[Stored items from a collection]
+===+
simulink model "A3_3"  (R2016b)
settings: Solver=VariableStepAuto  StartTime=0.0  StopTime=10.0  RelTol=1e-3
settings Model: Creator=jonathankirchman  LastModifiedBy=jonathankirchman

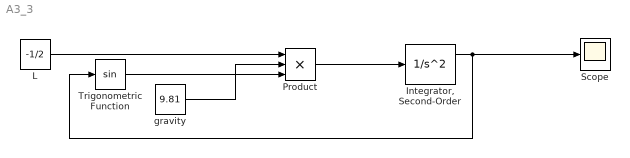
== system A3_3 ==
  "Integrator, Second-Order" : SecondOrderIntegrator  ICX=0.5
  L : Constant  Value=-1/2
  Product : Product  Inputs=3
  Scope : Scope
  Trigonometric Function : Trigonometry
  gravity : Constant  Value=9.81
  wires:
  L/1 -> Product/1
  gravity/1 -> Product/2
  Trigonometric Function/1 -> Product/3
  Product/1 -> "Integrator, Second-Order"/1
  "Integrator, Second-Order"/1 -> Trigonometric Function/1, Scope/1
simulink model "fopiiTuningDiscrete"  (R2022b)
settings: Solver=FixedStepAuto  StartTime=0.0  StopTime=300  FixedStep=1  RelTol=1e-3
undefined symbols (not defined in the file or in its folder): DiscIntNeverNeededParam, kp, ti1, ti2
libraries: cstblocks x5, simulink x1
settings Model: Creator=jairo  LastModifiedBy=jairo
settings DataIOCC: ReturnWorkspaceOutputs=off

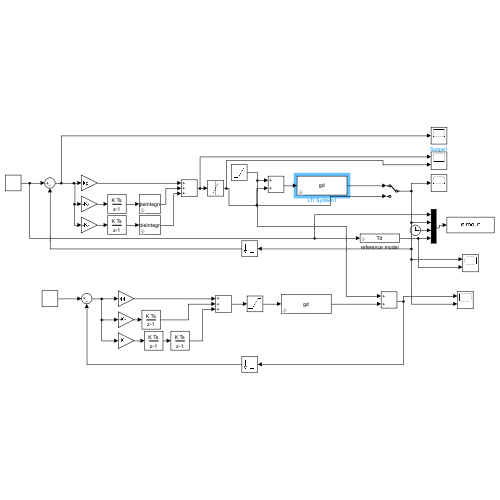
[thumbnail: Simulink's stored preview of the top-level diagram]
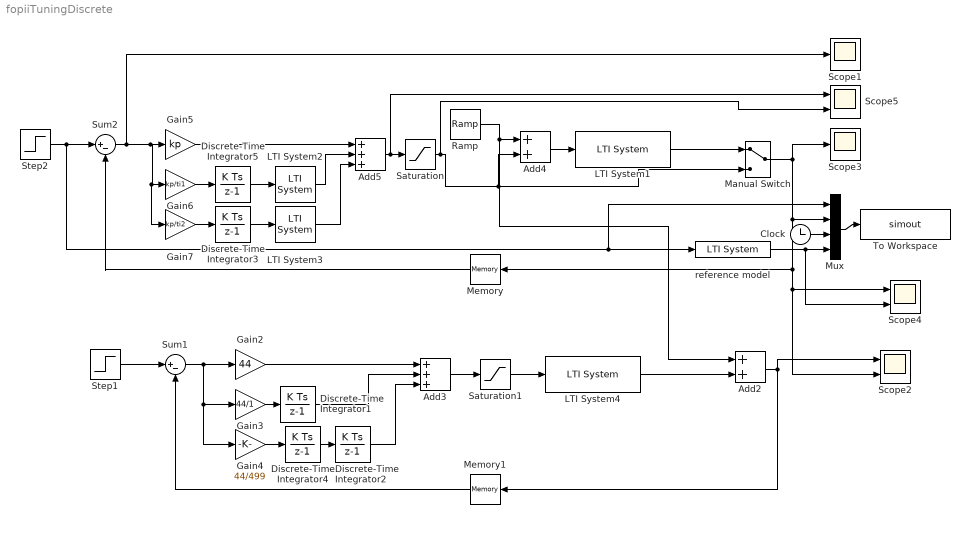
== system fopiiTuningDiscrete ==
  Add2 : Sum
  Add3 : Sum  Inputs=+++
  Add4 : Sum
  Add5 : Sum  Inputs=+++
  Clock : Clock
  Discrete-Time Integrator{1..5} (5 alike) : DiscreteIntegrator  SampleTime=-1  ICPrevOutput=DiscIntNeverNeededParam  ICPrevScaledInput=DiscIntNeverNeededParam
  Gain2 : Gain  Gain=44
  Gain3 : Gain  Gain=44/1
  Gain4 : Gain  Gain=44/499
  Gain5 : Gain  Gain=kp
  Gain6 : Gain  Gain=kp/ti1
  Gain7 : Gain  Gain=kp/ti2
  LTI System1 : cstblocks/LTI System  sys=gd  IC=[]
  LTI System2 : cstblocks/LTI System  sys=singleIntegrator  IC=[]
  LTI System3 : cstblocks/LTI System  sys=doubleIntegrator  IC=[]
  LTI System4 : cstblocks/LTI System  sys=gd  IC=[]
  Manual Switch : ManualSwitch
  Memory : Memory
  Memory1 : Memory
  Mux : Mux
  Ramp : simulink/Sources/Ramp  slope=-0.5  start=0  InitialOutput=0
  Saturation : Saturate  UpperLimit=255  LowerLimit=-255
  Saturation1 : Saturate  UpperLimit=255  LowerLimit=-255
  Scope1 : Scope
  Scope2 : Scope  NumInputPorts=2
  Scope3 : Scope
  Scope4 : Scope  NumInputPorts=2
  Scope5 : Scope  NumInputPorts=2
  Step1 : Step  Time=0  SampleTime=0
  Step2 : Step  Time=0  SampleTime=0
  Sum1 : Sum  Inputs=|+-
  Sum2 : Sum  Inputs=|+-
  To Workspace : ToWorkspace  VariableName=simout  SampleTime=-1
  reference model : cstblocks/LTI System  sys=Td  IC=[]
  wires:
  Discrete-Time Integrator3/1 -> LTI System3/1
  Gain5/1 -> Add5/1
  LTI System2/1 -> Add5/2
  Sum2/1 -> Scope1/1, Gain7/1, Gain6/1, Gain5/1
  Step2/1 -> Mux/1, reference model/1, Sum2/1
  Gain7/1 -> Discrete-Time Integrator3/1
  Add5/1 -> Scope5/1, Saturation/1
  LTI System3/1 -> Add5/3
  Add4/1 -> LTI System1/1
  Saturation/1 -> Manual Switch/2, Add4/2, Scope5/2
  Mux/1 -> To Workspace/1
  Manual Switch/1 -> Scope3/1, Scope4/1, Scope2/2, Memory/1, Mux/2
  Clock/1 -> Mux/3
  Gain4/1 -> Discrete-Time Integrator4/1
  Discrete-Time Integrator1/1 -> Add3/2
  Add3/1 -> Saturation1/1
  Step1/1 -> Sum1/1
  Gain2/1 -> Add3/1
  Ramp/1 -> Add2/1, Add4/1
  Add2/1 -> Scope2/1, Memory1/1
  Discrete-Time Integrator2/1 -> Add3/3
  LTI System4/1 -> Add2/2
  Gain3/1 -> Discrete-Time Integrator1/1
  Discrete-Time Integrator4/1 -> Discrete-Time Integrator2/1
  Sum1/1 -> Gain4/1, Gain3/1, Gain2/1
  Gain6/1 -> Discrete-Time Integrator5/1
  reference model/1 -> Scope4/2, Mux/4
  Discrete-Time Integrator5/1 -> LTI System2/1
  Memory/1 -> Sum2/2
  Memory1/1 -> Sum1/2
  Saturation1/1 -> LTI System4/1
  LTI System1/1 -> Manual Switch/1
+===+
What you are asked to do
Reproduce, word for word and in full, only the lines above that start at the line with "Saturation/1 -> Manual" and run through the line with "Saturation1/1 -> LTI System4/1", both ends included.

Written response
  Saturation/1 -> Manual Switch/2, Add4/2, Scope5/2
  Mux/1 -> To Workspace/1
  Manual Switch/1 -> Scope3/1, Scope4/1, Scope2/2, Memory/1, Mux/2
  Clock/1 -> Mux/3
  Gain4/1 -> Discrete-Time Integrator4/1
  Discrete-Time Integrator1/1 -> Add3/2
  Add3/1 -> Saturation1/1
  Step1/1 -> Sum1/1
  Gain2/1 -> Add3/1
  Ramp/1 -> Add2/1, Add4/1
  Add2/1 -> Scope2/1, Memory1/1
  Discrete-Time Integrator2/1 -> Add3/3
  LTI System4/1 -> Add2/2
  Gain3/1 -> Discrete-Time Integrator1/1
  Discrete-Time Integrator4/1 -> Discrete-Time Integrator2/1
  Sum1/1 -> Gain4/1, Gain3/1, Gain2/1
  Gain6/1 -> Discrete-Time Integrator5/1
  reference model/1 -> Scope4/2, Mux/4
  Discrete-Time Integrator5/1 -> LTI System2/1
  Memory/1 -> Sum2/2
  Memory1/1 -> Sum1/2
  Saturation1/1 -> LTI System4/1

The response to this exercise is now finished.